This article was first published in Solicitors Journal on 7 March 2017 and is reproduced by kind permission.
It is for the law to keep up with changing relationship formats and social attitudes to reflect reality and protect those involved, writes Pippa Allsop.
I have previously discussed the myth of ‘common law marriage’: the popular misconception that living with your partner for a lengthy period of time gives rise to some sort of legal protection in the event the relationship breaks down, akin to that afforded by marriage and civil partnerships. I am still strongly of the opinion that with couples in the UK increasingly opting to cohabit without getting married, this is an area of the law which needs to maintain pace with societal realities.
It was with interest, therefore, that I recently reviewed the judgment handed down by the Court of Appeal in the matter of Steinfeld and another v Secretary of State for Education [2017] EWCA Civ 81.
Charles Keidan and Rebecca Steinfeld are a heterosexual couple who both hold ‘deep-rooted and genuine ideological objections to the institution of marriage, based on what they consider to be its historically patriarchal nature’. As UK law currently limits the ability to enter into a civil partnership to those who are in a same-sex relationship, the couple claimed that this equated to an infringement of their human rights, being discriminatory on the basis of their sexual orientation.
Following previous consultation, the government took the decision to ‘wait and see’ what effect extending marriage to same-sex couples has on civil partnerships before permitting opposite-sex couples to enter into civil partnerships, or indeed abolishing or phasing out civil partnerships altogether. Accordingly, Keidan and Steinfeld also sought to challenge this previous refusal to extend civil partnerships to heterosexual couples.

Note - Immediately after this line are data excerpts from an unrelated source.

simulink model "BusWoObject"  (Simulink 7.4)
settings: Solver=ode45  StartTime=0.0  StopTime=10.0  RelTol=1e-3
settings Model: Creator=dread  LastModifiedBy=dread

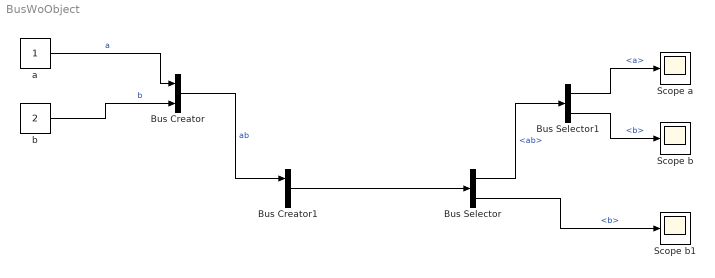
== system BusWoObject ==
  Bus Creator : BusCreator  Inputs=2
  Bus Creator1 : BusCreator  Inputs=2
  Bus Selector : BusSelector  OutputSignals=ab,ab.b
  Bus Selector1 : BusSelector  OutputSignals=a,b
  Scope a : Scope
  Scope b : Scope
  Scope b1 : Scope
      settings: SaveName=ScopeData2
  a : Constant  OutDataType=fixdt(1, 16)  OutScaling=2^0
  b : Constant  Value=2  OutDataType=fixdt(1, 16)  OutScaling=2^0
  wires:
  a/1 -> Bus Creator/1  "a"
  b/1 -> Bus Creator/2  "b"
  Bus Creator/1 -> Bus Creator1/1  "ab"
  Bus Selector/1 -> Bus Selector1/1  "<ab>"
  Bus Selector1/1 -> Scope a/1  "<a>"
  Bus Selector1/2 -> Scope b/1  "<b>"
  Bus Selector/2 -> Scope b1/1  "<b>"
  Bus Creator1/1 -> Bus Selector/1
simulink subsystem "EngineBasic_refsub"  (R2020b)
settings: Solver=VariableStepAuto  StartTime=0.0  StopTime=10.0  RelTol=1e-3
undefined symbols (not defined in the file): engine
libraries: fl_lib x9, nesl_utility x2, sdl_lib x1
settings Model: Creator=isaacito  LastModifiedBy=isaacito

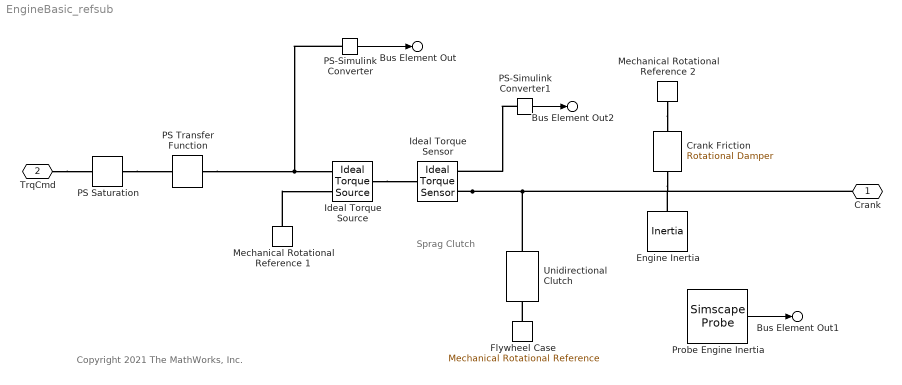
== system EngineBasic_refsub ==
  note: Sprag Clutch
  note: Copyright 2021 The MathWorks, Inc.
  Crank Friction : fl_lib/Mechanical/Rotational Elements/Rotational Damper  D=engine.damping_Nm_per_rpm N*m/rpm  w_specify=off  w_priority=None  w=0 rad/s  w_nominal_specify=off  w_nominal_unit=rad/s  w_nominal_value=1  t_specify=off  t_priority=None  t=0 N*m  t_nominal_specify=off  t_nominal_unit=N*m  t_nominal_value=1
  Engine Inertia : fl_lib/Mechanical/Rotational Elements/Inertia  inertia=engine.inertia_kg_m2 kg*m^2  num_ports=foundation.enum.numPorts2.one  w_specify=on  w_priority=None  w=initial.engine_speed_rpm rpm  w_nominal_specify=off  w_nominal_unit=rad/s  w_nominal_value=1  t_specify=off  t_priority=None  t=0 N*m  t_nominal_specify=off  t_nominal_unit=N*m  t_nominal_value=1
      settings: AttributesFormatString=|
      | %<inertia> (%<inertia_unit>)
      | %<w> (%<w_unit>)
      | Priority: %<w_priority>
  Flywheel Case : fl_lib/Mechanical/Rotational Elements/Mechanical Rotational Reference
  Ideal Torque Sensor : fl_lib/Mechanical/Mechanical Sensors/Ideal Torque Sensor
  Ideal Torque Source : fl_lib/Mechanical/Mechanical Sources/Ideal Torque Source
  Mechanical Rotational Reference 1 : fl_lib/Mechanical/Rotational Elements/Mechanical Rotational Reference
  Mechanical Rotational Reference 2 : fl_lib/Mechanical/Rotational Elements/Mechanical Rotational Reference
  PS Saturation : fl_lib/Physical Signals/Nonlinear Operators/PS Saturation  upper_limit=engine.trqMax_Nm N*m  lower_limit=0 N*m
      settings: AttributesFormatString=%<upper_limit> (%<upper_limit_unit>)  SourceProductBaseCode=SS
  PS Transfer Function : fl_lib/Physical Signals/Linear Operators/PS Transfer Function  transfer_function_type=foundation.enum.transfer_function_type.lag  T=engine.lag_s s  T1=2 s  T2=1 s  y0=initial.engine_torque_Nm N*m
      settings: SourceProductBaseCode=SS  InternalSimscapePortConfiguration="{\"Bottom\":[],\"Left\":[{\"id\":\"U\",\"label\":\"\",\"type\":\"input\"}],\"Right\":[{\"id\":\"Y\",\"label\":\"\",\"type\":\"output\"}],\"Top\":[]}"
      settings: AttributesFormatString=|
      | %<T> [%<T_unit>]
      | Initial: %<y0> [%<y0_unit>]
  PS-Simulink Converter : nesl_utility/PS-Simulink Converter  PhysicalDomain=network_engine_domain  SubClassName=ps_output  LeftPortType=input  RightPortType=output  PseudoPeriodic=off  Frequencies=[]  Unit=N*m  AffineConversion=off
  PS-Simulink Converter1 : nesl_utility/PS-Simulink Converter  PhysicalDomain=network_engine_domain  SubClassName=ps_output  LeftPortType=input  RightPortType=output  PseudoPeriodic=off  Frequencies=[]  Unit=inherit  AffineConversion=off
  Probe Engine Inertia : SimscapeProbe  BoundBlock=2  Variables={w}
  Unidirectional Clutch : sdl_lib/Clutches/Unidirectional Clutch  transmission_direction=2  initial_state_locked=sdl.enum.initial_lock.locked
      settings: SourceProductBaseCode=LD  InternalSimscapePortConfiguration="{\"Bottom\":[],\"Left\":[{\"id\":\"H\",\"label\":\"H\",\"type\":\"foundation.mechanical.rotational.rotational\"}],\"Right\":[{\"id\":\"R\",\"label\":\"R\",\"type\":\"foundation.mechanical.rotational.rotational\"}],\"Top\":[]}"
  Crank : PMIOPort  Side=Left
  TrqCmd : PMIOPort  Port=2  Side=Right
  Bus Element Out : Outport  PortName=Info  Element=TrqCmd
      settings: AttributesFormatString=%<Unit>
  Bus Element Out1 : Outport  PortName=Info  Element=Spd
      settings: AttributesFormatString=%<Unit>
  Bus Element Out2 : Outport  PortName=Info  Element=Trq
      settings: AttributesFormatString=%<Unit>
  wires:
  PS-Simulink Converter/1 -> Bus Element Out/1
  Probe Engine Inertia/1 -> Bus Element Out1/1
  PS-Simulink Converter1/1 -> Bus Element Out2/1
  connections:
  Ideal Torque Sensor/RConn1 -- Crank Friction/LConn1 -- Engine Inertia/LConn1 -- Crank/RConn1 -- Unidirectional Clutch/LConn1
  PS-Simulink Converter/LConn1 -- PS Transfer Function/RConn1 -- Ideal Torque Source/RConn1
  Mechanical Rotational Reference 1/LConn1 -- Ideal Torque Source/RConn2
  PS Saturation/RConn1 -- PS Transfer Function/LConn1
  TrqCmd/RConn1 -- PS Saturation/LConn1
  Mechanical Rotational Reference 2/LConn1 -- Crank Friction/RConn1
  Ideal Torque Source/LConn1 -- Ideal Torque Sensor/LConn1
  PS-Simulink Converter1/LConn1 -- Ideal Torque Sensor/RConn2
  Flywheel Case/LConn1 -- Unidirectional Clutch/RConn1

The upshot was that although the couple’s appeal was ultimately dismissed, it was accepted that the ‘future of the legal status of civil partnerships is an important matter of social policy that government is entitled to consider carefully’. Essentially, although it was accepted that the current position did create a difference in the way same-sex and opposite-sex couples are treated by the law, the Court of Appeal felt this was justified in light of the ‘wait and evaluate’ approach the government was taking.
I would be very interested to see whether opening up civil partnerships to heterosexual couples would actually result in a large number of cohabiting couples taking advantage of the option to enter into a civil partnership.
Undoubtedly, there are many people who share the feeling that the concept of marriage does not accord with their values and, as such, does not provide them with the outcome they desire in ‘formalising’ their relationship. Many others, though, may well still not wish to ‘formalise’ their relationship at all and still chose to live with one another without any label attached. My feeling is that it is for the law to keep up with relationship formats and social attitudes, so as to not only reflect reality, but also to protect people’s positions as far as possible when a relationship breaks down – whatever family format they chose to adopt as autonomous adults.